There is an alternative!
Darlington Council is embarking upon a massive programme of £22 million cuts that will cripple the Council, cutting from line services, and throw in the region of 1,000 staff out of work. The bulk of these cuts end services to the old, disabled, people with learning disabilities and children. The Local Education Authority function is to be effectively privatised. These cuts will hit the vulnerable, and the redundancies will impact on the local economy leading to business closures and loss of private sector jobs. Throughout the UK over a million people will lose their jobs.
There is no need to close the Civic Theatre and the Arts Centre, or claim victory in keeping them open by privatising them.
Contrary to what you hear in the media there is no need for these cuts. The attacks on the public sector are purely political. This crisis has been caused by the banks, big business, and their political backers. They should pay; not ordinary people. Other polices to get us out of a ‘recession’ include benefit cuts, pay freezes, and VAT increases. With inflation at 4.5 % and the falling pound increasing the cost of food and goods, people are facing big cuts in their standards of living.

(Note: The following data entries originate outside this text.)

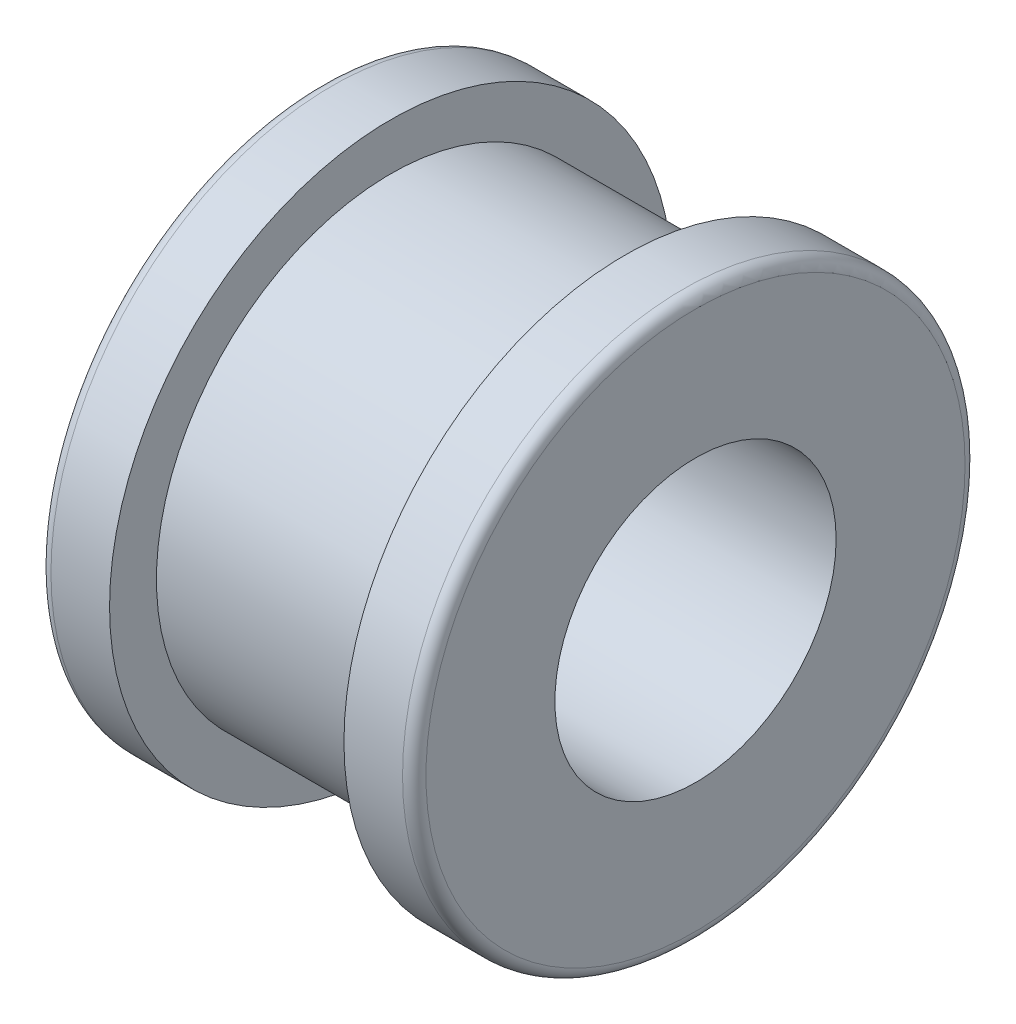
ISO-10303-21;
HEADER;
FILE_DESCRIPTION(('STEP AP214'),'2;1');
FILE_NAME('part.step','',(''),(''),'','','');
FILE_SCHEMA(('AUTOMOTIVE_DESIGN { 1 0 10303 214 1 1 1 1 }'));
ENDSEC;
DATA;
#1=APPLICATION_CONTEXT('core data for automotive mechanical design processes');
#2=APPLICATION_PROTOCOL_DEFINITION('international standard','automotive_design',2000,#1);
#3=PRODUCT_CONTEXT('',#1,'mechanical');
#4=PRODUCT('Part','Part','',(#3));
#5=PRODUCT_RELATED_PRODUCT_CATEGORY('part','',(#4));
#6=PRODUCT_DEFINITION_FORMATION('','',#4);
#7=PRODUCT_DEFINITION_CONTEXT('part definition',#1,'design');
#8=PRODUCT_DEFINITION('design','',#6,#7);
#9=PRODUCT_DEFINITION_SHAPE('','',#8);
#10=(LENGTH_UNIT() NAMED_UNIT(*) SI_UNIT(.MILLI.,.METRE.));
#11=(NAMED_UNIT(*) PLANE_ANGLE_UNIT() SI_UNIT($,.RADIAN.));
#12=(NAMED_UNIT(*) SI_UNIT($,.STERADIAN.) SOLID_ANGLE_UNIT());
#13=UNCERTAINTY_MEASURE_WITH_UNIT(LENGTH_MEASURE(1.E-05),#10,'distance_accuracy_value','');
#14=(GEOMETRIC_REPRESENTATION_CONTEXT(3) GLOBAL_UNCERTAINTY_ASSIGNED_CONTEXT((#13)) GLOBAL_UNIT_ASSIGNED_CONTEXT((#10,
#11,#12)) REPRESENTATION_CONTEXT('',''));
#15=CARTESIAN_POINT('',(0.,0.,0.));
#16=DIRECTION('',(0.,0.,1.));
#17=DIRECTION('',(1.,0.,0.));
#18=AXIS2_PLACEMENT_3D('',#15,#16,#17);
#19=CARTESIAN_POINT('',(8.,0.,0.));
#20=DIRECTION('',(-1.,0.,0.));
#21=DIRECTION('',(0.,0.,1.));
#22=AXIS2_PLACEMENT_3D('',#19,#20,#21);
#23=CYLINDRICAL_SURFACE('',#22,12.);
#24=CARTESIAN_POINT('',(-7.5,0.,0.));
#25=DIRECTION('',(1.,0.,0.));
#26=DIRECTION('',(0.,0.,-1.));
#27=AXIS2_PLACEMENT_3D('',#24,#25,#26);
#28=CIRCLE('',#27,12.);
#29=CARTESIAN_POINT('',(-7.5,0.,-12.));
#30=VERTEX_POINT('',#29);
#31=EDGE_CURVE('E54',#30,#30,#28,.T.);
#32=ORIENTED_EDGE('',*,*,#31,.T.);
#33=EDGE_LOOP('',(#32));
#34=FACE_BOUND('',#33,.T.);
#35=CARTESIAN_POINT('',(-5.,0.,0.));
#36=DIRECTION('',(1.,0.,0.));
#37=DIRECTION('',(0.,0.,-1.));
#38=AXIS2_PLACEMENT_3D('',#35,#36,#37);
#39=CIRCLE('',#38,12.);
#40=CARTESIAN_POINT('',(-5.,0.,-12.));
#41=VERTEX_POINT('',#40);
#42=EDGE_CURVE('E69',#41,#41,#39,.T.);
#43=ORIENTED_EDGE('',*,*,#42,.F.);
#44=EDGE_LOOP('',(#43));
#45=FACE_BOUND('',#44,.T.);
#46=ADVANCED_FACE('F40',(#34,#45),#23,.T.);
#47=CARTESIAN_POINT('',(-8.,0.,0.));
#48=DIRECTION('',(1.,0.,0.));
#49=DIRECTION('',(0.,0.,-1.));
#50=AXIS2_PLACEMENT_3D('',#47,#48,#49);
#51=PLANE('',#50);
#52=CARTESIAN_POINT('',(-8.,0.,0.));
#53=DIRECTION('',(1.,0.,0.));
#54=DIRECTION('',(0.,0.,-1.));
#55=AXIS2_PLACEMENT_3D('',#52,#53,#54);
#56=CIRCLE('',#55,11.5);
#57=CARTESIAN_POINT('',(-8.,0.,-11.5));
#58=VERTEX_POINT('',#57);
#59=EDGE_CURVE('E10',#58,#58,#56,.F.);
#60=ORIENTED_EDGE('',*,*,#59,.T.);
#61=EDGE_LOOP('',(#60));
#62=FACE_BOUND('',#61,.T.);
#63=CARTESIAN_POINT('',(-8.,0.,0.));
#64=DIRECTION('',(1.,0.,0.));
#65=DIRECTION('',(0.,0.,-1.));
#66=AXIS2_PLACEMENT_3D('',#63,#64,#65);
#67=CIRCLE('',#66,6.);
#68=CARTESIAN_POINT('',(-8.,0.,-6.));
#69=VERTEX_POINT('',#68);
#70=EDGE_CURVE('E82',#69,#69,#67,.T.);
#71=ORIENTED_EDGE('',*,*,#70,.T.);
#72=EDGE_LOOP('',(#71));
#73=FACE_BOUND('',#72,.T.);
#74=ADVANCED_FACE('F125',(#62,#73),#51,.F.);
#75=CARTESIAN_POINT('',(-5.,0.,0.));
#76=DIRECTION('',(1.,0.,0.));
#77=DIRECTION('',(0.,0.,-1.));
#78=AXIS2_PLACEMENT_3D('',#75,#76,#77);
#79=PLANE('',#78);
#80=CARTESIAN_POINT('',(-5.,0.,0.));
#81=DIRECTION('',(1.,0.,0.));
#82=DIRECTION('',(0.,0.,-1.));
#83=AXIS2_PLACEMENT_3D('',#80,#81,#82);
#84=CIRCLE('',#83,10.);
#85=CARTESIAN_POINT('',(-5.,0.,-10.));
#86=VERTEX_POINT('',#85);
#87=EDGE_CURVE('E74',#86,#86,#84,.T.);
#88=ORIENTED_EDGE('',*,*,#87,.F.);
#89=EDGE_LOOP('',(#88));
#90=FACE_BOUND('',#89,.T.);
#91=ORIENTED_EDGE('',*,*,#42,.T.);
#92=EDGE_LOOP('',(#91));
#93=FACE_BOUND('',#92,.T.);
#94=ADVANCED_FACE('F130',(#90,#93),#79,.T.);
#95=CARTESIAN_POINT('',(5.,0.,0.));
#96=DIRECTION('',(1.,0.,0.));
#97=DIRECTION('',(0.,0.,-1.));
#98=AXIS2_PLACEMENT_3D('',#95,#96,#97);
#99=PLANE('',#98);
#100=CARTESIAN_POINT('',(5.,0.,0.));
#101=DIRECTION('',(1.,0.,0.));
#102=DIRECTION('',(0.,0.,-1.));
#103=AXIS2_PLACEMENT_3D('',#100,#101,#102);
#104=CIRCLE('',#103,10.);
#105=CARTESIAN_POINT('',(5.,0.,-10.));
#106=VERTEX_POINT('',#105);
#107=EDGE_CURVE('E78',#106,#106,#104,.T.);
#108=ORIENTED_EDGE('',*,*,#107,.T.);
#109=EDGE_LOOP('',(#108));
#110=FACE_BOUND('',#109,.T.);
#111=CARTESIAN_POINT('',(5.,0.,0.));
#112=DIRECTION('',(1.,0.,0.));
#113=DIRECTION('',(0.,0.,-1.));
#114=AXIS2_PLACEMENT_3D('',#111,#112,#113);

The debt that the Government is trying to eliminate is not as severe as the politicians exaggerate. One measure of debt is as a % of GDP, the countries income. It is 47 %. Compare that to many young couples who have mortgage debt at three times (300%) their income and new graduates with debts equivalent to more than their first years pay (100+%). The government has just introduced measures to double this student debt, because they believe they can afford it. With low interest rates the Government can afford this national debt. It does not need to cut it so quickly and deep.
We too, however, believe that it is wrong for ordinary people to be burdened with the government’s debts. The interest payments on these debts paid by the taxpayer go to guess who? The bankers, who the government bailed out with our money. No wonder they can afford to keep paying themselves £million bonuses.
What do we say that should be done instead?
The Government wants to save £81 billion of public expenditure with this round of cuts.
Did you know that the rich and big businesses avoid paying their fair share of tax? According to the PCS, the tax collectors union, over an extra £120 billion could be collected each year if tax loop holes were closed and non payers were pursued. This is without even raising any tax rates or thresholds on the rich and better off.
Scrapping Trident, the nuclear missile and submarine replacement programme, would save about £100 billion.
Even bolder measures could be taken. After giving the banks £1.3 trillion the Government owns some £850 billion of bank assets. This is more than the total government debt. Rather than treating these banks as private companies, soon to be given back to the private sector at knock down prices. These banks and other debtors should be properly taken into public ownership and their assets used, to help the economy, to support public investment, and give loans to small business something the banks will currently not do.
How do we change things?
Sitting back and ringing one’s hands while saying how terrible it is not an effective strategy. A political campaign against every cut should be waged. Mass demonstrations are required and elected representatives who disagree with these cuts should not only stand up and say so but also refuse to implement them. Such activity will threaten the Government. Rebel local Authorities have beaten right wing governments and obtained concessions by standing up against the government, for instance in the UK in the eighties and also in other countries like Italy and the USA.
Even if our elected representatives don’t fight, but instead dutifully pass on the cuts, others are willing to stand up and fight. There are local council elections in May.
Darlington Against Cuts is a coalition of trade unionists and community activists co-ordinated by Darlington Trades Union Council.